Cybrpnk's Rantings

2005-02-28

Bad Science from Cato

I was listening to NPR recently. Either 'To The Point' or 'Which Way L.A.' One of the guests was from The Cato Institute. He stated that it was a mistake for California to require lower emissions from cars and trucks because scientific projections showed that even if every state in America adopted California's limits, global temperatures would only be a fraction of a degree Celsius lower by 2050. I then saw a similar statement accepted as fact in an editorial in The LA Times. I'm not sure which is more disappointing, the uncritical repeating of this position by the LA Times, or the fact that the other guest on NPR, who was a scientist, failed to point out the fundamental flaw in this argument. The flaw is that we are not currently primarily concerned with lowering global temperatures, we are concerned about reducing the increase in temperatures. If reducing auto emissions results in temperatures being slightly lower in forty years, that's not a small shift relevant to the baseline today, that's a large shift relative to where temperatures will be if we do nothing.


But the Cato institute isn't done with their bad science on this issue just yet. They have an opinion piece up on their website which further compounds their errors. In particular they suggest that an unintended consequence of this law could be that people will drive more if their vehicles get better gas mileage. They argue that better fuel efficiency decreases the marginal cost of driving a car, and that people will respond to this by driving more. Were this the case, wouldn't people who own gas guzzlers drive less already? Yet clearly most people believe that the overwhelming bulk of the driving that they do is necessary. Finally, while this would be anathema to the libertarians at Cato, if people responded by driving more this could easily be addressed by increasing fuel taxes.

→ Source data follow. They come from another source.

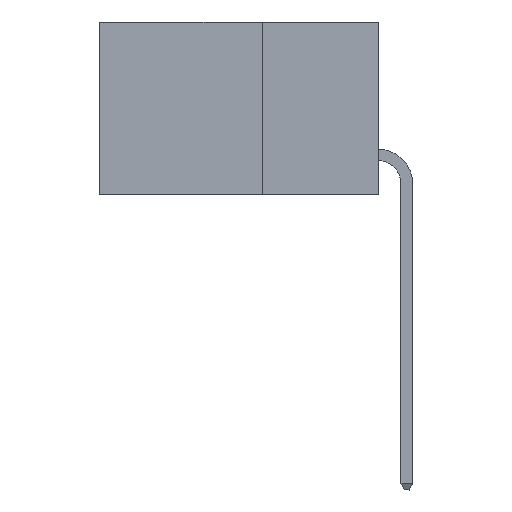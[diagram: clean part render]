
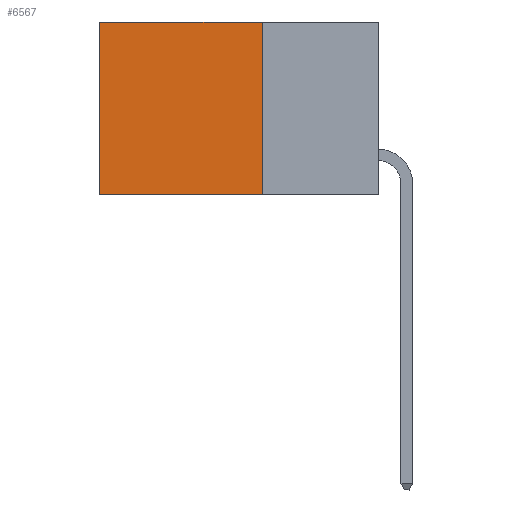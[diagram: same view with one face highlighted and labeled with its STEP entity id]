
A CAD part, left-side view. The second image highlights one B-rep face of the part: STEP entity #6567.
In plain terms, the highlighted planar face has unit normal (-1, 0, 0).
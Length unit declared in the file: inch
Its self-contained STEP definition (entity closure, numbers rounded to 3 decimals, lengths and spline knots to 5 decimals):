
#296 = ORIENTED_EDGE ( 'NONE', *, *, #16529, .T. ) ;
#1309 = CARTESIAN_POINT ( 'NONE',  ( 0.298, 0.25, 0. ) ) ;
#1911 = CARTESIAN_POINT ( 'NONE',  ( 0.298, 0.6, 0. ) ) ;
#3156 = DIRECTION ( 'NONE',  ( 0., 0., -1. ) ) ;
#3199 = EDGE_CURVE ( 'NONE', #8010, #4081, #6981, .T. ) ;
#3667 = EDGE_CURVE ( 'NONE', #10028, #22501, #15722, .T. ) ;
#4081 = VERTEX_POINT ( 'NONE', #13671 ) ;
#5398 = ORIENTED_EDGE ( 'NONE', *, *, #3667, .T. ) ;
#5621 = CARTESIAN_POINT ( 'NONE',  ( 0.298, 0.25, 0. ) ) ;
#5853 = EDGE_LOOP ( 'NONE', ( #5398, #12049, #8746, #296 ) ) ;
#6406 = VECTOR ( 'NONE', #22307, 39.37008 ) ;
#6567 = ADVANCED_FACE ( 'NONE', ( #9904 ), #12421, .F. ) ;
#6981 = LINE ( 'NONE', #16794, #11385 ) ;
#8010 = VERTEX_POINT ( 'NONE', #10986 ) ;
#8693 = CARTESIAN_POINT ( 'NONE',  ( 0.298, 0.6, 0. ) ) ;
#8746 = ORIENTED_EDGE ( 'NONE', *, *, #3199, .F. ) ;
#9904 = FACE_OUTER_BOUND ( 'NONE', #5853, .T. ) ;
#10028 = VERTEX_POINT ( 'NONE', #1911 ) ;
#10986 = CARTESIAN_POINT ( 'NONE',  ( 0.298, 0.25, 0. ) ) ;
#11385 = VECTOR ( 'NONE', #16823, 39.37008 ) ;
#11387 = LINE ( 'NONE', #5621, #6406 ) ;
#12049 = ORIENTED_EDGE ( 'NONE', *, *, #23292, .F. ) ;
#12421 = PLANE ( 'NONE',  #23610 ) ;
#12804 = VECTOR ( 'NONE', #18003, 39.37008 ) ;
#13671 = CARTESIAN_POINT ( 'NONE',  ( 0.298, 0.25, -0.37 ) ) ;
#14313 = DIRECTION ( 'NONE',  ( 1., 0., 0. ) ) ;
#14420 = DIRECTION ( 'NONE',  ( 0., 0., -1. ) ) ;
#15153 = VECTOR ( 'NONE', #14420, 39.37008 ) ;
#15722 = LINE ( 'NONE', #8693, #15153 ) ;
#16529 = EDGE_CURVE ( 'NONE', #8010, #10028, #11387, .T. ) ;
#16794 = CARTESIAN_POINT ( 'NONE',  ( 0.298, 0.25, 0. ) ) ;
#16823 = DIRECTION ( 'NONE',  ( 0., 0., -1. ) ) ;
#18003 = DIRECTION ( 'NONE',  ( 0., 1., 0. ) ) ;
#21550 = CARTESIAN_POINT ( 'NONE',  ( 0.298, 0.6, -0.37 ) ) ;
#21594 = CARTESIAN_POINT ( 'NONE',  ( 0.298, 0.25, -0.37 ) ) ;
#22307 = DIRECTION ( 'NONE',  ( 0., 1., 0. ) ) ;
#22501 = VERTEX_POINT ( 'NONE', #21550 ) ;
#22626 = LINE ( 'NONE', #21594, #12804 ) ;
#23292 = EDGE_CURVE ( 'NONE', #4081, #22501, #22626, .T. ) ;
#23610 = AXIS2_PLACEMENT_3D ( 'NONE', #1309, #14313, #3156 ) ;

The curious contradiction in all of this is that the Cato Institute is advocating a reckless and irresponsible approach to a growing environmental crisis that is badly out of step with the current state of scientific research and knowledge. Bizarre, really, that an organization that is based on the principle of personal responsibility believes that adherence to their ideological creed is more important that responsible behavior. If they perhaps had some compelling argument as to how people can be made to see the consequences of their bad choices before global warming is affecting daily life in places like Los Angeles, they should offer up those arguments. If not, they should shut up and get out of the way. By the time they start to see signs of global warming in Washington D.C. it will be far too late to do anything about it.